What is expected:
Filter the records down to the lines that hold the word "origin", and copy each of those lines.
=== Begin Enclosure ===
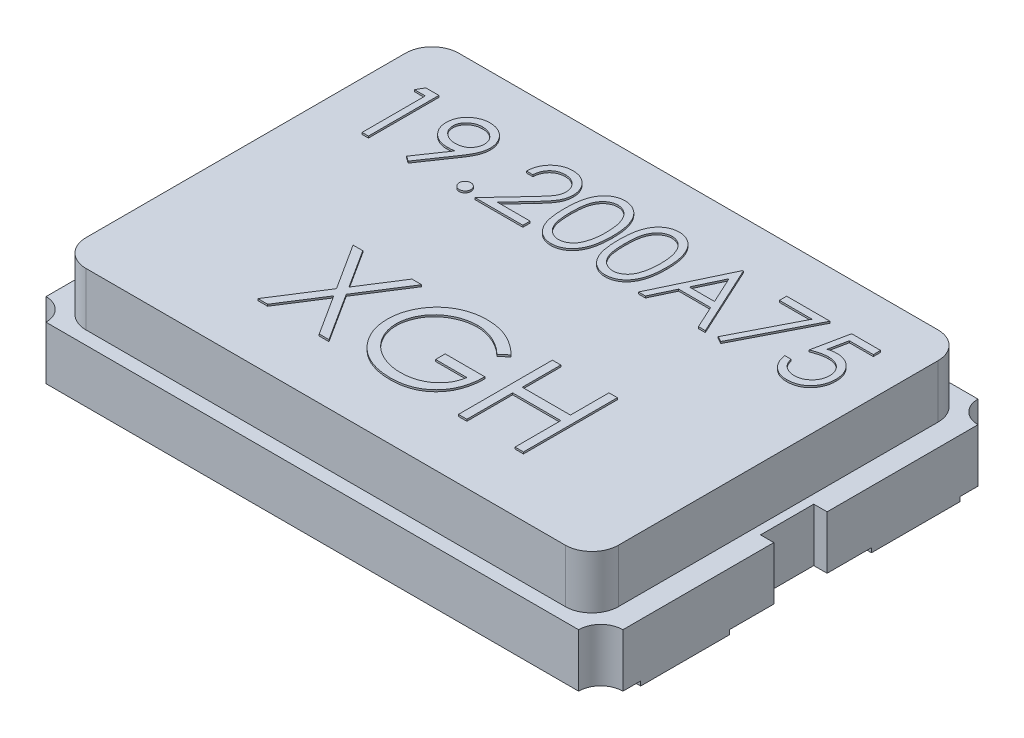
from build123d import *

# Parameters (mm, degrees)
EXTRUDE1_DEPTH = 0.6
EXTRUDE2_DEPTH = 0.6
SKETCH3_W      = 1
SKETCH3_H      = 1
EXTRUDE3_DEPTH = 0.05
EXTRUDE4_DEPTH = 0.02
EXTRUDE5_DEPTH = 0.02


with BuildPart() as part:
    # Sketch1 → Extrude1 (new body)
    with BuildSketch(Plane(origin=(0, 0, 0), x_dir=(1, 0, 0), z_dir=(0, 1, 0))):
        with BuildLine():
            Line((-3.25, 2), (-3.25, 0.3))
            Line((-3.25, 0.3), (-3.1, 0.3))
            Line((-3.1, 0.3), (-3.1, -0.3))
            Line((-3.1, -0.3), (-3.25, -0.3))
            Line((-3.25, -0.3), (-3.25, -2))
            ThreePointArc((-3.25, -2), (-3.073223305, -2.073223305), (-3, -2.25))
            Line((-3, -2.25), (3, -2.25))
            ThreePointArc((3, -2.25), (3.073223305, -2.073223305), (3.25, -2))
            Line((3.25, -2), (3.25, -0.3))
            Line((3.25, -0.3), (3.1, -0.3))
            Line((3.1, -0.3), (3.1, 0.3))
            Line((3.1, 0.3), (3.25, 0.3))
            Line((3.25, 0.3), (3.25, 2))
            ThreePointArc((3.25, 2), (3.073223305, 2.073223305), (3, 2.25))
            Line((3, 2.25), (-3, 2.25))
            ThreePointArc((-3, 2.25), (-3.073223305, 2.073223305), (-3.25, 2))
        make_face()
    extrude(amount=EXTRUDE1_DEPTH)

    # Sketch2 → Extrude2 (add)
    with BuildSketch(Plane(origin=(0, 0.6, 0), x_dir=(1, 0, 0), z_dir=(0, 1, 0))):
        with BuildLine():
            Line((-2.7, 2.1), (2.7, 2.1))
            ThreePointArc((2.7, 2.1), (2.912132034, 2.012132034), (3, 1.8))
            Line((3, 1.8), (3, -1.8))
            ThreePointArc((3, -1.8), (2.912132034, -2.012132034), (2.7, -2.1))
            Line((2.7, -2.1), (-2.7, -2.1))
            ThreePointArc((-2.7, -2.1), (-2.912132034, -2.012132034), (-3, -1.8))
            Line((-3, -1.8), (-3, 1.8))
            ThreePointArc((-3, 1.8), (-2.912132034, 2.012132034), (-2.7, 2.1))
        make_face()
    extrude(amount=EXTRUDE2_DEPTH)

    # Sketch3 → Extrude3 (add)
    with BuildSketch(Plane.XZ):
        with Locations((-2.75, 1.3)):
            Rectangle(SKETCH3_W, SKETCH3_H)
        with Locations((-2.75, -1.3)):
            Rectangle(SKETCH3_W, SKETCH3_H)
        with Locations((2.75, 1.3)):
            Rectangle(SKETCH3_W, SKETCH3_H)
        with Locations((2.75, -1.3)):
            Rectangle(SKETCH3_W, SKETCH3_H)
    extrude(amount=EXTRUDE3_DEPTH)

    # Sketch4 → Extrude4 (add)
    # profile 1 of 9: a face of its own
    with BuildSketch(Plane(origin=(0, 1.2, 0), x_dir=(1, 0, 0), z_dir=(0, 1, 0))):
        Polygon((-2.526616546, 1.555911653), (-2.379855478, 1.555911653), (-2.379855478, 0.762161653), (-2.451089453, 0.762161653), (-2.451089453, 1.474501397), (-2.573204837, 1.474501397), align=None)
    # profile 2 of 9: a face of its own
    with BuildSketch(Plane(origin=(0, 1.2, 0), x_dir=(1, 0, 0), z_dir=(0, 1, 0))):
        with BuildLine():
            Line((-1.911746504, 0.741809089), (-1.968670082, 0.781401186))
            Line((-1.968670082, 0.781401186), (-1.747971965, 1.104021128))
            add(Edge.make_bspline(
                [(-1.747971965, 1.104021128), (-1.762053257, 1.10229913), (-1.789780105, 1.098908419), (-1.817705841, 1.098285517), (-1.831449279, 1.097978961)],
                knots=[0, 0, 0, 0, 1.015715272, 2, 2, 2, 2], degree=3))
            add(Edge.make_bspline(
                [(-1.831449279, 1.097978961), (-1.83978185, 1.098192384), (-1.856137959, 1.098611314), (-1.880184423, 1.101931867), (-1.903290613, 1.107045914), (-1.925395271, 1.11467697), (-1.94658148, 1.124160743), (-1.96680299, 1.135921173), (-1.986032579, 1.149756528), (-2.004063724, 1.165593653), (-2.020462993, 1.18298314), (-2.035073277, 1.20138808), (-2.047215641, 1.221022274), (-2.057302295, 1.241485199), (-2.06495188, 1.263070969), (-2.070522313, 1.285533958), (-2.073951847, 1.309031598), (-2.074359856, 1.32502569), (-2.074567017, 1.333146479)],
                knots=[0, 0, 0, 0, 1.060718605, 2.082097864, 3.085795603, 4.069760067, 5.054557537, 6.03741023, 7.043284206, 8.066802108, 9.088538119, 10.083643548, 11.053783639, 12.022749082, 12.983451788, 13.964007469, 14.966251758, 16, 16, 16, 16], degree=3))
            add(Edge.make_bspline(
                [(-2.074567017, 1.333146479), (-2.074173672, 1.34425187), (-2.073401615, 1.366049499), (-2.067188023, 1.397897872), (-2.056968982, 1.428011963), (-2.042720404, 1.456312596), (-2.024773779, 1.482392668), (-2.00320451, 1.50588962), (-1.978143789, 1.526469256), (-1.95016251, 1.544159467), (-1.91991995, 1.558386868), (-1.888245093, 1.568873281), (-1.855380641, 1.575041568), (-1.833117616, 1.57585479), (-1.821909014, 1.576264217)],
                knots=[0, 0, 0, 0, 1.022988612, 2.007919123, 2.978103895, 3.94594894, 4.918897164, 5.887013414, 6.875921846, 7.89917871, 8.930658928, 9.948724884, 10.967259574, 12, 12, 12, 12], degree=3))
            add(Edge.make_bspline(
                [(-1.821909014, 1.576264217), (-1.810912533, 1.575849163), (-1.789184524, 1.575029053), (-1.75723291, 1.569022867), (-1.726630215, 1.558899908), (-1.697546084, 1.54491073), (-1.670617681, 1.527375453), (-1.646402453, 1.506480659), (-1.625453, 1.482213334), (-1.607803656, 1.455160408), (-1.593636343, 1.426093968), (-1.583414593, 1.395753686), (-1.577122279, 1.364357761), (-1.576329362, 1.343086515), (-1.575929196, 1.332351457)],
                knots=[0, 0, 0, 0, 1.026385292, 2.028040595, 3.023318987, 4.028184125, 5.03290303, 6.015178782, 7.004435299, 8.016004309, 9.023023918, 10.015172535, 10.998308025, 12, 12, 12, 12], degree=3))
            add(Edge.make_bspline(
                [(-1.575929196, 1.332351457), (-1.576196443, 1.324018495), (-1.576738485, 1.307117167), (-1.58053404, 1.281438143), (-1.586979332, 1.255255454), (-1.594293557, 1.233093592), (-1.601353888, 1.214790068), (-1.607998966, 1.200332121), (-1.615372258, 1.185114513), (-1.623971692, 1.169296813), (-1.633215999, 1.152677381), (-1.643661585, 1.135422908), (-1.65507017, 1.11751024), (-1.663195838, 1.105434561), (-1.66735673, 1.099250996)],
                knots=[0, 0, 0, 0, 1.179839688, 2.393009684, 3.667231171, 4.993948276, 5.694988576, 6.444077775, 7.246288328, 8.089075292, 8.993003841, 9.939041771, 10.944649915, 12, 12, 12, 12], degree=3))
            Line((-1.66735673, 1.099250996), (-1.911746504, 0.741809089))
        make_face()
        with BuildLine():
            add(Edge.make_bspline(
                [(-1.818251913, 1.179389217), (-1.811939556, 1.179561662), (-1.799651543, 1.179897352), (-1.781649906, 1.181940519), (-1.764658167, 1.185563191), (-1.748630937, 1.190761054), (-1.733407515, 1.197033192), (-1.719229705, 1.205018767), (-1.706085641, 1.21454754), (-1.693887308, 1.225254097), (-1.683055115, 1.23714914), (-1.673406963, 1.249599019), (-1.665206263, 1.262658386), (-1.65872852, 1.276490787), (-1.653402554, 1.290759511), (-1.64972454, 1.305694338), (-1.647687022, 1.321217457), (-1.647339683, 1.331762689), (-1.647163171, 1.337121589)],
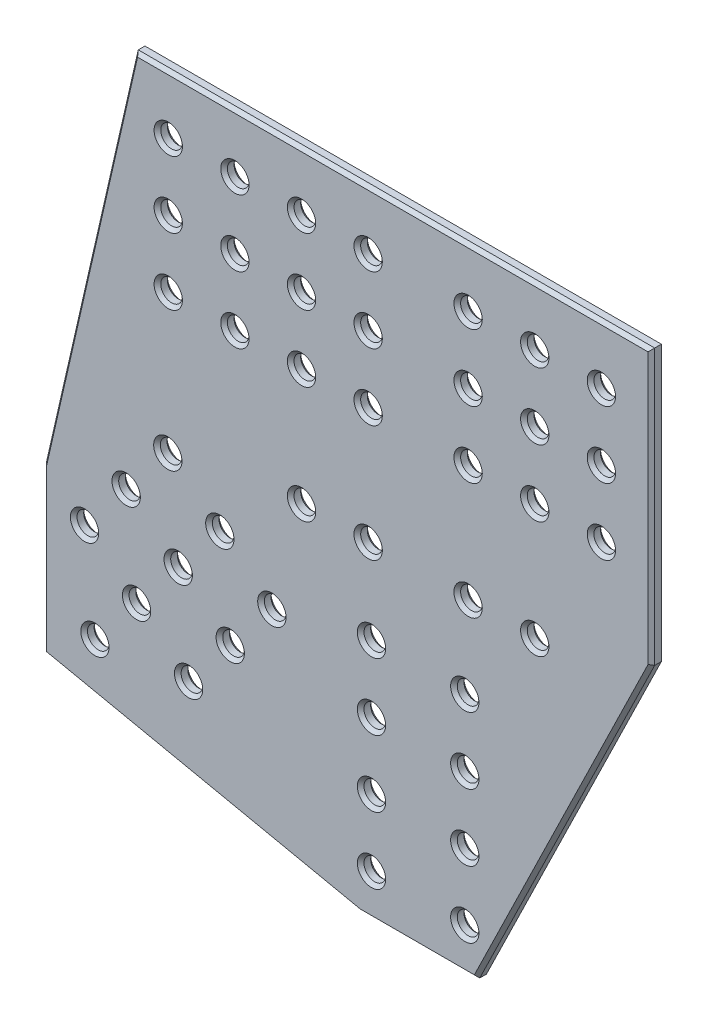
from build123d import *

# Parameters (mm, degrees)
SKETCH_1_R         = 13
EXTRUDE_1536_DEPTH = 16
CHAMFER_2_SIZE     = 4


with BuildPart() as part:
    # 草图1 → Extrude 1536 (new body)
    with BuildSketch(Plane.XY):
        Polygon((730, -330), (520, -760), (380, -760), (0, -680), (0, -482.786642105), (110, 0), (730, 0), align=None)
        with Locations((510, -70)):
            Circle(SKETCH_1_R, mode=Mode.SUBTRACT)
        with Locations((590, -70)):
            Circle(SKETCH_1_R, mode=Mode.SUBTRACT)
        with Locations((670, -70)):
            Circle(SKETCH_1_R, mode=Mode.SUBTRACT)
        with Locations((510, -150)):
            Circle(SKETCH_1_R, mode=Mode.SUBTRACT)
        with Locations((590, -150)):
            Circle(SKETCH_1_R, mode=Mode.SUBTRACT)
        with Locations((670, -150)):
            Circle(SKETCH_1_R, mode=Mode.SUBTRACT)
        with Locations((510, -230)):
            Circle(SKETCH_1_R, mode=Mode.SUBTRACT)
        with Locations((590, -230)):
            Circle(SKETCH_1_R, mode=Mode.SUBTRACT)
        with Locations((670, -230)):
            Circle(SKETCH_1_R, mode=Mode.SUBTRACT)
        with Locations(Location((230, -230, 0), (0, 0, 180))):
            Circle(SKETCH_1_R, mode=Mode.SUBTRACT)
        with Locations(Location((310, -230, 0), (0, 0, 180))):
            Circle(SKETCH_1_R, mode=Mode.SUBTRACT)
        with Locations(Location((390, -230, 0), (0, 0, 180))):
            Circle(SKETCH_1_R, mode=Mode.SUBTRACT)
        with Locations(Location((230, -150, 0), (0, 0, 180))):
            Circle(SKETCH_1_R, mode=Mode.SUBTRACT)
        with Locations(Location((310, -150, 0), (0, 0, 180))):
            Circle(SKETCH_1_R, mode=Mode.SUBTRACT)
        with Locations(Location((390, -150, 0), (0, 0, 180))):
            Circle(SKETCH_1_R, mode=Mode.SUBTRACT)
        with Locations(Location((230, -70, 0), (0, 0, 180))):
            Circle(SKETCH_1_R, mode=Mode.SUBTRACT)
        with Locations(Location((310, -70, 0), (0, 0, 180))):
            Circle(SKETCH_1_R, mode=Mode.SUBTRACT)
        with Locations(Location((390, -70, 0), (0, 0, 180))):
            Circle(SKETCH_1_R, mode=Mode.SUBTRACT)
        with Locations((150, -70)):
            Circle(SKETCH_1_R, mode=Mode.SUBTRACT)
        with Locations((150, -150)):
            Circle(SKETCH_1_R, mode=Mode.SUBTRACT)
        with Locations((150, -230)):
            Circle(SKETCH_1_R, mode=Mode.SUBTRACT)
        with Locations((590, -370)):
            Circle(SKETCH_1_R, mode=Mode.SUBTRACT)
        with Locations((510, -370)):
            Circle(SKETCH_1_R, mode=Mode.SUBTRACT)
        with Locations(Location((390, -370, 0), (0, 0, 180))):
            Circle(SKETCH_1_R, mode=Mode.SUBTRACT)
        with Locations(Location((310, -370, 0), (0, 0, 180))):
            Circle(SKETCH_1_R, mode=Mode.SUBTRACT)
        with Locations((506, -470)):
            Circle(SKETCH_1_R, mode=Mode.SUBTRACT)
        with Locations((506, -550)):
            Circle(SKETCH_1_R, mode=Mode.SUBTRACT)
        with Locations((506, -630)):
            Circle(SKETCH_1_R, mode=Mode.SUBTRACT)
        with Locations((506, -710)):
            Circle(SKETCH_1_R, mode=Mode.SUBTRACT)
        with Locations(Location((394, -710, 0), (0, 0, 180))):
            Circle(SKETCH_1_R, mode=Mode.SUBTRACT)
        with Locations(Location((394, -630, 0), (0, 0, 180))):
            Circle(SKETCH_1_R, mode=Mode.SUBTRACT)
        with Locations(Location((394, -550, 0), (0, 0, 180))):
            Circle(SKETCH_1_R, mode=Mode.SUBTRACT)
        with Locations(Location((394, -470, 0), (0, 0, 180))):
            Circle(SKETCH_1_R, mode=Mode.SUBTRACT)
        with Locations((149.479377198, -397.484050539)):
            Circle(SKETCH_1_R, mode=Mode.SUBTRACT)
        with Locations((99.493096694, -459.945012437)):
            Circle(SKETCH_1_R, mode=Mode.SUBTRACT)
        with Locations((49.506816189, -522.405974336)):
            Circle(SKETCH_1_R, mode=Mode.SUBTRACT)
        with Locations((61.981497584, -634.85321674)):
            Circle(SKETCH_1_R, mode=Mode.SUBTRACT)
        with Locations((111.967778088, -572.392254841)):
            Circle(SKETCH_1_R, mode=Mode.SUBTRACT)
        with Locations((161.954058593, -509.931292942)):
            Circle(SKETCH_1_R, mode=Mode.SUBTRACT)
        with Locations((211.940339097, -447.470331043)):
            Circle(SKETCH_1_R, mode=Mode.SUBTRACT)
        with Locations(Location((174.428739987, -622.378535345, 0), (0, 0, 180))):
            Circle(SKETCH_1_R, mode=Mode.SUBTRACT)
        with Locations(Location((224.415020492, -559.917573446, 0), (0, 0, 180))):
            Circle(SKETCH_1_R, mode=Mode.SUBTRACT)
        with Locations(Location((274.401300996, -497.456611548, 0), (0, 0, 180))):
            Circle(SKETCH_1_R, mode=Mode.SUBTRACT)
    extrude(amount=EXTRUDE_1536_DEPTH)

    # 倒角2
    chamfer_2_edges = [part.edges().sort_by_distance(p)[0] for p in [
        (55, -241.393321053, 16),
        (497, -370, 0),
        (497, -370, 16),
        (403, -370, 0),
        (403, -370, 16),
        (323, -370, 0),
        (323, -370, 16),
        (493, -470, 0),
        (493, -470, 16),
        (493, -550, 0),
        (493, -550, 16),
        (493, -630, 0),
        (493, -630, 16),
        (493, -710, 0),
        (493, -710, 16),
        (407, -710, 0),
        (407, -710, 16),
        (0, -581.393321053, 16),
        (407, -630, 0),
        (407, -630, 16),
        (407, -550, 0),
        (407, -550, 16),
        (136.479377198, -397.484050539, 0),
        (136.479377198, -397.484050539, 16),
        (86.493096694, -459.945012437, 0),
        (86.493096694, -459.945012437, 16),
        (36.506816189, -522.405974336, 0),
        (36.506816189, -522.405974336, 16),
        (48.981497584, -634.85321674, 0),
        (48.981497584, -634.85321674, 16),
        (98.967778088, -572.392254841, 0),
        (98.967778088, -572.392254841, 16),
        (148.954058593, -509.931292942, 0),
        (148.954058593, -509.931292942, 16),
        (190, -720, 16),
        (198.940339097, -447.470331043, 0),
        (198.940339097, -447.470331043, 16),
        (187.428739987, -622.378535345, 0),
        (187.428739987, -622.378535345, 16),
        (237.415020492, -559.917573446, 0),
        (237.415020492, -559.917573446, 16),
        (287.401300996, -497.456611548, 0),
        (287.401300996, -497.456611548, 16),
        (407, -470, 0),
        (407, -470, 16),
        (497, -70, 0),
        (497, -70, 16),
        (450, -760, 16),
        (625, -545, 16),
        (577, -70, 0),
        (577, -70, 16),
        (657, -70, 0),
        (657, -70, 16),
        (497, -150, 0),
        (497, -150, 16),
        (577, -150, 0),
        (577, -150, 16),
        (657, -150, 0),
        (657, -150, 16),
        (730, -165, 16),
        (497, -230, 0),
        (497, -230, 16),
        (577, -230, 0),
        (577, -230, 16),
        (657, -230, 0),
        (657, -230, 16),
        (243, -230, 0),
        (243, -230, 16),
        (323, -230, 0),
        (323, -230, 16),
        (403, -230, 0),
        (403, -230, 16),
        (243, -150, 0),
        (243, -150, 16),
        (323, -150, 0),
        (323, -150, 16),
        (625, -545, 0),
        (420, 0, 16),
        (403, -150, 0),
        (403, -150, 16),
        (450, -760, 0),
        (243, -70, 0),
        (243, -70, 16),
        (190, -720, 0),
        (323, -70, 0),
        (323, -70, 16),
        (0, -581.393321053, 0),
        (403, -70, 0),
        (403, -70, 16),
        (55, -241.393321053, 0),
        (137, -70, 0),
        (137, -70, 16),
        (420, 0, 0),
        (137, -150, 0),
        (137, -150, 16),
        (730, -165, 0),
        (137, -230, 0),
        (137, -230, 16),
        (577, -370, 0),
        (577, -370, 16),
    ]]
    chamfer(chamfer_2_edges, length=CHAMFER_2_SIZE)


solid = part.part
=== End Enclosure ===
Response for this exercise:
    with BuildSketch(Plane(origin=(0, 0, 0), x_dir=(1, 0, 0), z_dir=(0, 1, 0))):
    with BuildSketch(Plane(origin=(0, 0.6, 0), x_dir=(1, 0, 0), z_dir=(0, 1, 0))):
    with BuildSketch(Plane(origin=(0, 1.2, 0), x_dir=(1, 0, 0), z_dir=(0, 1, 0))):
    with BuildSketch(Plane(origin=(0, 1.2, 0), x_dir=(1, 0, 0), z_dir=(0, 1, 0))):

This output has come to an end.